Create a Chroma Client

Python
import chromadb
chroma_client = chromadb.Client()
3

Create a collection

Collections are where you’ll store your embeddings, documents, and any additional metadata. Collections index your embeddings and documents, and enable efficient retrieval and filtering. You can create a collection with a name:
Python
collection = chroma_client.create_collection(name="my_collection")
4

Add some text documents to the collection

Chroma will store your text and handle embedding and indexing automatically. You can also customize the embedding model.
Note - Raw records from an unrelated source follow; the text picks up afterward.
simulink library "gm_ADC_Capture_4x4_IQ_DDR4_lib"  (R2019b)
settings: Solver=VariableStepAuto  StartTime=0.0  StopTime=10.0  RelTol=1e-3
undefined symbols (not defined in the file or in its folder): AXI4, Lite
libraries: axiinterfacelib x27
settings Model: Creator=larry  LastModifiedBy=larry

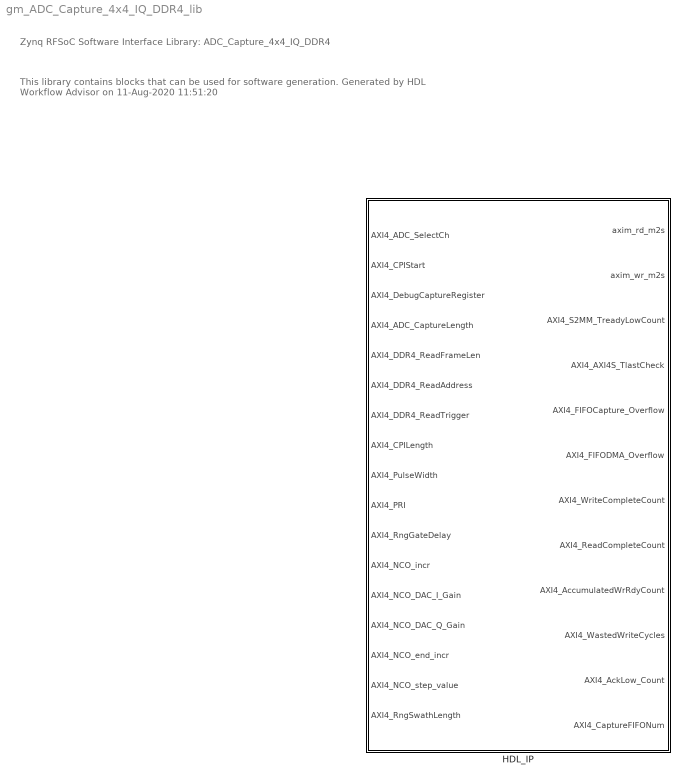
== system gm_ADC_Capture_4x4_IQ_DDR4_lib ==
  note: Zynq RFSoC Software Interface Library: ADC_Capture_4x4_IQ_DDR4
  note: This library contains blocks that can be used for software generation.
      |
      | Generated by HDL Workflow Advisor on 11-Aug-2020 11:51:20
  HDL_IP : Subsystem  TreatAsAtomicUnit=on  mask(AXI4-Lite/AXI4 Interface){}
      mask help:
      | This is an automatically generated subsystem block.
      | This contains the AXI interface blocks that communicate with the HDL_IP_ip IPCore generated from ADC_Capture_4x4_IQ_DDR4/HDL_IP subsystem.
      mask Display: disp(sprintf('Xilinx Zynq \nAXI Interface'));

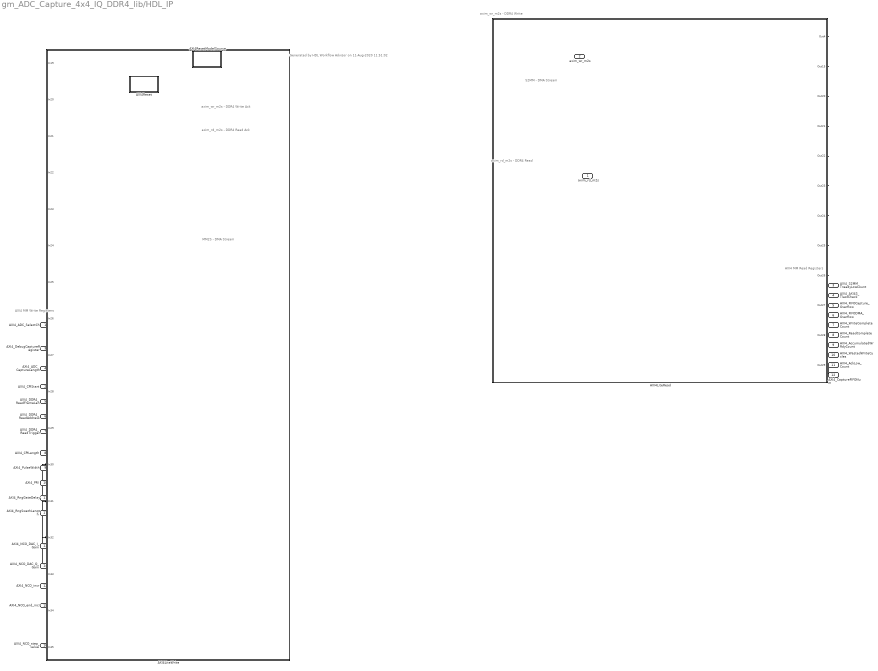
== system gm_ADC_Capture_4x4_IQ_DDR4_lib/HDL_IP ==
  note: Generated by HDL Workflow Advisor on 11-Aug-2020 11:51:02
  note: MM2S - DMA Stream
  note: axim_wr_m2s - DDR4 Write
  note: axim_rd_m2s - DDR4 Read Ack
  note: axim_rd_m2s - DDR4 Read
  note: axim_wr_m2s - DDR4 Write Ack
  note: S2MM - DMA Stream
  note: AXI4 MM Write Registers
  note: AXI4 MM Read Registers
  AXI4_ADC_SelectCh : Inport
  AXI4_CPIStart : Inport  Port=2
  AXI4_DebugCaptureRegister : Inport  Port=3
  AXI4_ADC_CaptureLength : Inport  Port=4
  AXI4_DDR4_ReadFrameLen : Inport  Port=5
  AXI4_DDR4_ReadAddress : Inport  Port=6
  AXI4_DDR4_ReadTrigger : Inport  Port=7
  AXI4_CPILength : Inport  Port=8
  AXI4_PulseWidth : Inport  Port=9
  AXI4_PRI : Inport  Port=10
  AXI4_RngGateDelay : Inport  Port=11
  AXI4_NCO_incr : Inport  Port=12
  AXI4_NCO_DAC_I_Gain : Inport  Port=13
  AXI4_NCO_DAC_Q_Gain : Inport  Port=14
  AXI4_NCO_end_incr : Inport  Port=15
  AXI4_NCO_step_value : Inport  Port=16
  AXI4_RngSwathLength : Inport  Port=17
  AXI4LiteRead : Subsystem  Priority=10
  AXI4LiteWrite : Subsystem  Priority=1
  AXI4Reset : Subsystem  mask(System Start){ShowInLibBrowser=0}
      mask prompts: ShowInLibBrowser "Simulink:masks:CustCodeMaskParam1_MP"
      settings: CopyFcn=cccopyfcn(gcb)  OpenFcn=ccopenfcn('System Start Function')
      mask Help: eval('feval(''rtwprivate'',''rtwhelpview'',''rtw_sys_start_block'')');
      mask Display: disp('System\nStart');
  AXI4ResetModelSource : Subsystem  mask(Model Source){ShowInLibBrowser=0}
      mask prompts: ShowInLibBrowser "Simulink:masks:CustCodeMaskParam1_MP"
      settings: CopyFcn=cccopyfcn(gcb)  OpenFcn=ccopenfcn('Model Source')
      mask Help: eval('feval(''rtwprivate'',''rtwhelpview'',''rtw_model_source_block'')');
      mask Display: disp('Model\nSource');
  axim_rd_m2s : Outport  VectorParamsAs1DForOutWhenUnconnected=off
  axim_wr_m2s : Outport  Port=2  VectorParamsAs1DForOutWhenUnconnected=off
  AXI4_S2MM_TreadyLowCount : Outport  Port=3  VectorParamsAs1DForOutWhenUnconnected=off
  AXI4_AXI4S_TlastCheck : Outport  Port=4  VectorParamsAs1DForOutWhenUnconnected=off
  AXI4_FIFOCapture_Overflow : Outport  Port=5  VectorParamsAs1DForOutWhenUnconnected=off
  AXI4_FIFODMA_Overflow : Outport  Port=6  VectorParamsAs1DForOutWhenUnconnected=off
  AXI4_WriteCompleteCount : Outport  Port=7  VectorParamsAs1DForOutWhenUnconnected=off
  AXI4_ReadCompleteCount : Outport  Port=8  VectorParamsAs1DForOutWhenUnconnected=off
  AXI4_AccumulatedWrRdyCount : Outport  Port=9  VectorParamsAs1DForOutWhenUnconnected=off
  AXI4_WastedWriteCycles : Outport  Port=10  VectorParamsAs1DForOutWhenUnconnected=off
  AXI4_AckLow_Count : Outport  Port=11  VectorParamsAs1DForOutWhenUnconnected=off
  AXI4_CaptureFIFONum : Outport  Port=12  VectorParamsAs1DForOutWhenUnconnected=off
  wires:
  AXI4LiteRead/12(Out29) -> AXI4_CaptureFIFONum/1
  AXI4LiteRead/11(Out28) -> AXI4_AckLow_Count/1
  AXI4LiteRead/10(Out27) -> AXI4_WastedWriteCycles/1
  AXI4LiteRead/9(Out26) -> AXI4_AccumulatedWrRdyCount/1
  AXI4LiteRead/8(Out25) -> AXI4_ReadCompleteCount/1
  AXI4LiteRead/7(Out24) -> AXI4_WriteCompleteCount/1
  AXI4LiteRead/6(Out23) -> AXI4_FIFODMA_Overflow/1
  AXI4LiteRead/5(Out22) -> AXI4_FIFOCapture_Overflow/1
  AXI4LiteRead/4(Out21) -> AXI4_AXI4S_TlastCheck/1
  AXI4LiteRead/3(Out20) -> AXI4_S2MM_TreadyLowCount/1
  AXI4LiteRead/2(Out15) -> axim_rd_m2s/1
  AXI4LiteRead/1(Out4) -> axim_wr_m2s/1
  AXI4_NCO_step_value/1 -> AXI4LiteWrite/17(In35)
  AXI4_NCO_end_incr/1 -> AXI4LiteWrite/16(In34)
  AXI4_NCO_incr/1 -> AXI4LiteWrite/15(In33)
  AXI4_NCO_DAC_Q_Gain/1 -> AXI4LiteWrite/14(In32)
  AXI4_NCO_DAC_I_Gain/1 -> AXI4LiteWrite/13(In31)
  AXI4_RngSwathLength/1 -> AXI4LiteWrite/12(In30)
  AXI4_RngGateDelay/1 -> AXI4LiteWrite/11(In29)
  AXI4_PRI/1 -> AXI4LiteWrite/10(In28)
  AXI4_PulseWidth/1 -> AXI4LiteWrite/9(In27)
  AXI4_CPILength/1 -> AXI4LiteWrite/8(In26)
  AXI4_DDR4_ReadTrigger/1 -> AXI4LiteWrite/7(In25)
  AXI4_DDR4_ReadAddress/1 -> AXI4LiteWrite/6(In24)
  AXI4_DDR4_ReadFrameLen/1 -> AXI4LiteWrite/5(In23)
  AXI4_CPIStart/1 -> AXI4LiteWrite/4(In22)
  AXI4_ADC_CaptureLength/1 -> AXI4LiteWrite/3(In21)
  AXI4_DebugCaptureRegister/1 -> AXI4LiteWrite/2(In20)
  AXI4_ADC_SelectCh/1 -> AXI4LiteWrite/1(In19)

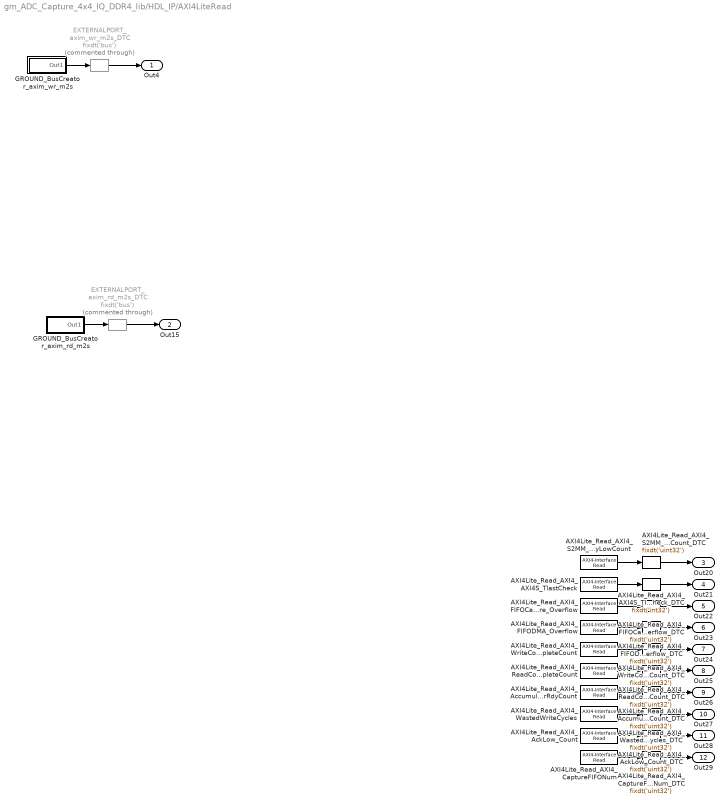
== system gm_ADC_Capture_4x4_IQ_DDR4_lib/HDL_IP/AXI4LiteRead ==
  AXI4Lite_Read_AXI4_AXI4S_TlastCheck : axiinterfacelib/AXI4-Interface Read  Priority=22  AXIInterfaceType=AXI4-Lite  DeviceName=/dev/mwipcore  RegisterOffset=hex2dec('148')  DataLength=1  DataType=uint32  SampleTime=-1  blockPlatform=ZYNQ  SimulateUsing=Interpreted Execution
      settings: SourceProductName=Embedded Coder Support Package for Xilinx Zynq Platform  SourceProductBaseCode=ECZYNQ7000
  AXI4Lite_Read_AXI4_AXI4S_TlastCheck_DTC : DataTypeConversion  OutDataTypeStr=fixdt('int32')  ConvertRealWorld=Stored Integer (SI)
  AXI4Lite_Read_AXI4_AccumulatedWrRdyCount : axiinterfacelib/AXI4-Interface Read  Priority=27  AXIInterfaceType=AXI4-Lite  DeviceName=/dev/mwipcore  RegisterOffset=hex2dec('15C')  DataLength=1  DataType=uint32  SampleTime=-1  blockPlatform=ZYNQ  SimulateUsing=Interpreted Execution
      settings: SourceProductName=Embedded Coder Support Package for Xilinx Zynq Platform  SourceProductBaseCode=ECZYNQ7000
  AXI4Lite_Read_AXI4_AccumulatedWrRdyCount_DTC : DataTypeConversion  OutDataTypeStr=fixdt('uint32')  ConvertRealWorld=Stored Integer (SI)
  AXI4Lite_Read_AXI4_AckLow_Count : axiinterfacelib/AXI4-Interface Read  Priority=29  AXIInterfaceType=AXI4-Lite  DeviceName=/dev/mwipcore  RegisterOffset=hex2dec('164')  DataLength=1  DataType=uint32  SampleTime=-1  blockPlatform=ZYNQ  SimulateUsing=Interpreted Execution
      settings: SourceProductName=Embedded Coder Support Package for Xilinx Zynq Platform  SourceProductBaseCode=ECZYNQ7000
  AXI4Lite_Read_AXI4_AckLow_Count_DTC : DataTypeConversion  OutDataTypeStr=fixdt('uint32')  ConvertRealWorld=Stored Integer (SI)
  AXI4Lite_Read_AXI4_CaptureFIFONum : axiinterfacelib/AXI4-Interface Read  Priority=30  AXIInterfaceType=AXI4-Lite  DeviceName=/dev/mwipcore  RegisterOffset=hex2dec('168')  DataLength=1  DataType=uint32  SampleTime=-1  blockPlatform=ZYNQ  SimulateUsing=Interpreted Execution
      settings: SourceProductName=Embedded Coder Support Package for Xilinx Zynq Platform  SourceProductBaseCode=ECZYNQ7000
  AXI4Lite_Read_AXI4_CaptureFIFONum_DTC : DataTypeConversion  OutDataTypeStr=fixdt('uint32')  ConvertRealWorld=Stored Integer (SI)
  AXI4Lite_Read_AXI4_FIFOCapture_Overflow : axiinterfacelib/AXI4-Interface Read  Priority=23  AXIInterfaceType=AXI4-Lite  DeviceName=/dev/mwipcore  RegisterOffset=hex2dec('14C')  DataLength=1  DataType=uint32  SampleTime=-1  blockPlatform=ZYNQ  SimulateUsing=Interpreted Execution
      settings: SourceProductName=Embedded Coder Support Package for Xilinx Zynq Platform  SourceProductBaseCode=ECZYNQ7000
  AXI4Lite_Read_AXI4_FIFOCapture_Overflow_DTC : DataTypeConversion  OutDataTypeStr=fixdt('uint32')  ConvertRealWorld=Stored Integer (SI)
  AXI4Lite_Read_AXI4_FIFODMA_Overflow : axiinterfacelib/AXI4-Interface Read  Priority=24  AXIInterfaceType=AXI4-Lite  DeviceName=/dev/mwipcore  RegisterOffset=hex2dec('150')  DataLength=1  DataType=uint32  SampleTime=-1  blockPlatform=ZYNQ  SimulateUsing=Interpreted Execution
      settings: SourceProductName=Embedded Coder Support Package for Xilinx Zynq Platform  SourceProductBaseCode=ECZYNQ7000
  AXI4Lite_Read_AXI4_FIFODMA_Overflow_DTC : DataTypeConversion  OutDataTypeStr=fixdt('uint32')  ConvertRealWorld=Stored Integer (SI)
  AXI4Lite_Read_AXI4_ReadCompleteCount : axiinterfacelib/AXI4-Interface Read  Priority=26  AXIInterfaceType=AXI4-Lite  DeviceName=/dev/mwipcore  RegisterOffset=hex2dec('158')  DataLength=1  DataType=uint32  SampleTime=-1  blockPlatform=ZYNQ  SimulateUsing=Interpreted Execution
      settings: SourceProductName=Embedded Coder Support Package for Xilinx Zynq Platform  SourceProductBaseCode=ECZYNQ7000
  AXI4Lite_Read_AXI4_ReadCompleteCount_DTC : DataTypeConversion  OutDataTypeStr=fixdt('uint32')  ConvertRealWorld=Stored Integer (SI)
  AXI4Lite_Read_AXI4_S2MM_TreadyLowCount : axiinterfacelib/AXI4-Interface Read  Priority=21  AXIInterfaceType=AXI4-Lite  DeviceName=/dev/mwipcore  RegisterOffset=hex2dec('144')  DataLength=1  DataType=uint32  SampleTime=-1  blockPlatform=ZYNQ  SimulateUsing=Interpreted Execution
      settings: SourceProductName=Embedded Coder Support Package for Xilinx Zynq Platform  SourceProductBaseCode=ECZYNQ7000
  AXI4Lite_Read_AXI4_S2MM_TreadyLowCount_DTC : DataTypeConversion  OutDataTypeStr=fixdt('uint32')  ConvertRealWorld=Stored Integer (SI)
  AXI4Lite_Read_AXI4_WastedWriteCycles : axiinterfacelib/AXI4-Interface Read  Priority=28  AXIInterfaceType=AXI4-Lite  DeviceName=/dev/mwipcore  RegisterOffset=hex2dec('160')  DataLength=1  DataType=uint32  SampleTime=-1  blockPlatform=ZYNQ  SimulateUsing=Interpreted Execution
      settings: SourceProductName=Embedded Coder Support Package for Xilinx Zynq Platform  SourceProductBaseCode=ECZYNQ7000
  AXI4Lite_Read_AXI4_WastedWriteCycles_DTC : DataTypeConversion  OutDataTypeStr=fixdt('uint32')  ConvertRealWorld=Stored Integer (SI)
  AXI4Lite_Read_AXI4_WriteCompleteCount : axiinterfacelib/AXI4-Interface Read  Priority=25  AXIInterfaceType=AXI4-Lite  DeviceName=/dev/mwipcore  RegisterOffset=hex2dec('154')  DataLength=1  DataType=uint32  SampleTime=-1  blockPlatform=ZYNQ  SimulateUsing=Interpreted Execution
      settings: SourceProductName=Embedded Coder Support Package for Xilinx Zynq Platform  SourceProductBaseCode=ECZYNQ7000
  AXI4Lite_Read_AXI4_WriteCompleteCount_DTC : DataTypeConversion  OutDataTypeStr=fixdt('uint32')  ConvertRealWorld=Stored Integer (SI)
  EXTERNALPORT_axim_rd_m2s_DTC : DataTypeConversion  Commented=through  OutDataTypeStr=fixdt('bus')
  EXTERNALPORT_axim_wr_m2s_DTC : DataTypeConversion  Commented=through  OutDataTypeStr=fixdt('bus')
  GROUND_BusCreator_axim_rd_m2s : Subsystem
  GROUND_BusCreator_axim_wr_m2s : Subsystem
  Out4 : Outport
  Out15 : Outport  Port=2
  Out20 : Outport  Port=3
  Out21 : Outport  Port=4
  Out22 : Outport  Port=5
  Out23 : Outport  Port=6
  Out24 : Outport  Port=7
  Out25 : Outport  Port=8
  Out26 : Outport  Port=9
  Out27 : Outport  Port=10
  Out28 : Outport  Port=11
  Out29 : Outport  Port=12
  wires:
  AXI4Lite_Read_AXI4_AckLow_Count_DTC/1 -> Out28/1
  EXTERNALPORT_axim_wr_m2s_DTC/1 -> Out4/1
  AXI4Lite_Read_AXI4_ReadCompleteCount_DTC/1 -> Out25/1
  AXI4Lite_Read_AXI4_WastedWriteCycles_DTC/1 -> Out27/1
  AXI4Lite_Read_AXI4_CaptureFIFONum_DTC/1 -> Out29/1
  AXI4Lite_Read_AXI4_AccumulatedWrRdyCount/1 -> AXI4Lite_Read_AXI4_AccumulatedWrRdyCount_DTC/1
  AXI4Lite_Read_AXI4_AckLow_Count/1 -> AXI4Lite_Read_AXI4_AckLow_Count_DTC/1
  AXI4Lite_Read_AXI4_AXI4S_TlastCheck/1 -> AXI4Lite_Read_AXI4_AXI4S_TlastCheck_DTC/1
  AXI4Lite_Read_AXI4_WriteCompleteCount/1 -> AXI4Lite_Read_AXI4_WriteCompleteCount_DTC/1
  AXI4Lite_Read_AXI4_S2MM_TreadyLowCount_DTC/1 -> Out20/1
  GROUND_BusCreator_axim_wr_m2s/1(Out1) -> EXTERNALPORT_axim_wr_m2s_DTC/1
  EXTERNALPORT_axim_rd_m2s_DTC/1 -> Out15/1
  AXI4Lite_Read_AXI4_WastedWriteCycles/1 -> AXI4Lite_Read_AXI4_WastedWriteCycles_DTC/1
  AXI4Lite_Read_AXI4_CaptureFIFONum/1 -> AXI4Lite_Read_AXI4_CaptureFIFONum_DTC/1
  AXI4Lite_Read_AXI4_FIFODMA_Overflow_DTC/1 -> Out23/1
  AXI4Lite_Read_AXI4_AXI4S_TlastCheck_DTC/1 -> Out21/1
  AXI4Lite_Read_AXI4_S2MM_TreadyLowCount/1 -> AXI4Lite_Read_AXI4_S2MM_TreadyLowCount_DTC/1
  AXI4Lite_Read_AXI4_AccumulatedWrRdyCount_DTC/1 -> Out26/1
  AXI4Lite_Read_AXI4_FIFOCapture_Overflow/1 -> AXI4Lite_Read_AXI4_FIFOCapture_Overflow_DTC/1
  AXI4Lite_Read_AXI4_ReadCompleteCount/1 -> AXI4Lite_Read_AXI4_ReadCompleteCount_DTC/1
  AXI4Lite_Read_AXI4_FIFOCapture_Overflow_DTC/1 -> Out22/1
  AXI4Lite_Read_AXI4_FIFODMA_Overflow/1 -> AXI4Lite_Read_AXI4_FIFODMA_Overflow_DTC/1
  AXI4Lite_Read_AXI4_WriteCompleteCount_DTC/1 -> Out24/1
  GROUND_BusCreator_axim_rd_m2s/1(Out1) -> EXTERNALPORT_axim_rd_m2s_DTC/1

You must provide unique string IDs for your documents.
Python
collection.add(
    ids=["id1", "id2"],
    documents=[
        "This is a document about pineapple",
        "This is a document about oranges"
    ]
)
5

Query the collection

You can query the collection with a list of query texts, and Chroma will return the n most similar results. It’s that easy!
Python
results = collection.query(
    query_texts=["This is a query document about hawaii"], # Chroma will embed this for you
    n_results=2 # how many results to return
)
print(results)
If n_results is not provided, Chroma will return 10 results by default. Here we only added 2 documents, so we set n_results=2.
6

Inspect Results

From the above - you can see that our query about hawaii is semantically most similar to the document about pineapple.
Python
{
  'documents': [[
      'This is a document about pineapple',
      'This is a document about oranges'
  ]],
  'ids': [['id1', 'id2']],
  'distances': [[1.0404009819030762, 1.243080496788025]],
  'uris': None,
  'data': None,
  'metadatas': [[None, None]],
  'embeddings': None,
}
7

Try it out yourself

What if we tried querying with “This is a document about florida”? Here is a full example.
Python
import chromadb
chroma_client = chromadb.Client()

# switch \`create_collection\` to \`get_or_create_collection\` to avoid creating a new collection every time
collection = chroma_client.get_or_create_collection(name="my_collection")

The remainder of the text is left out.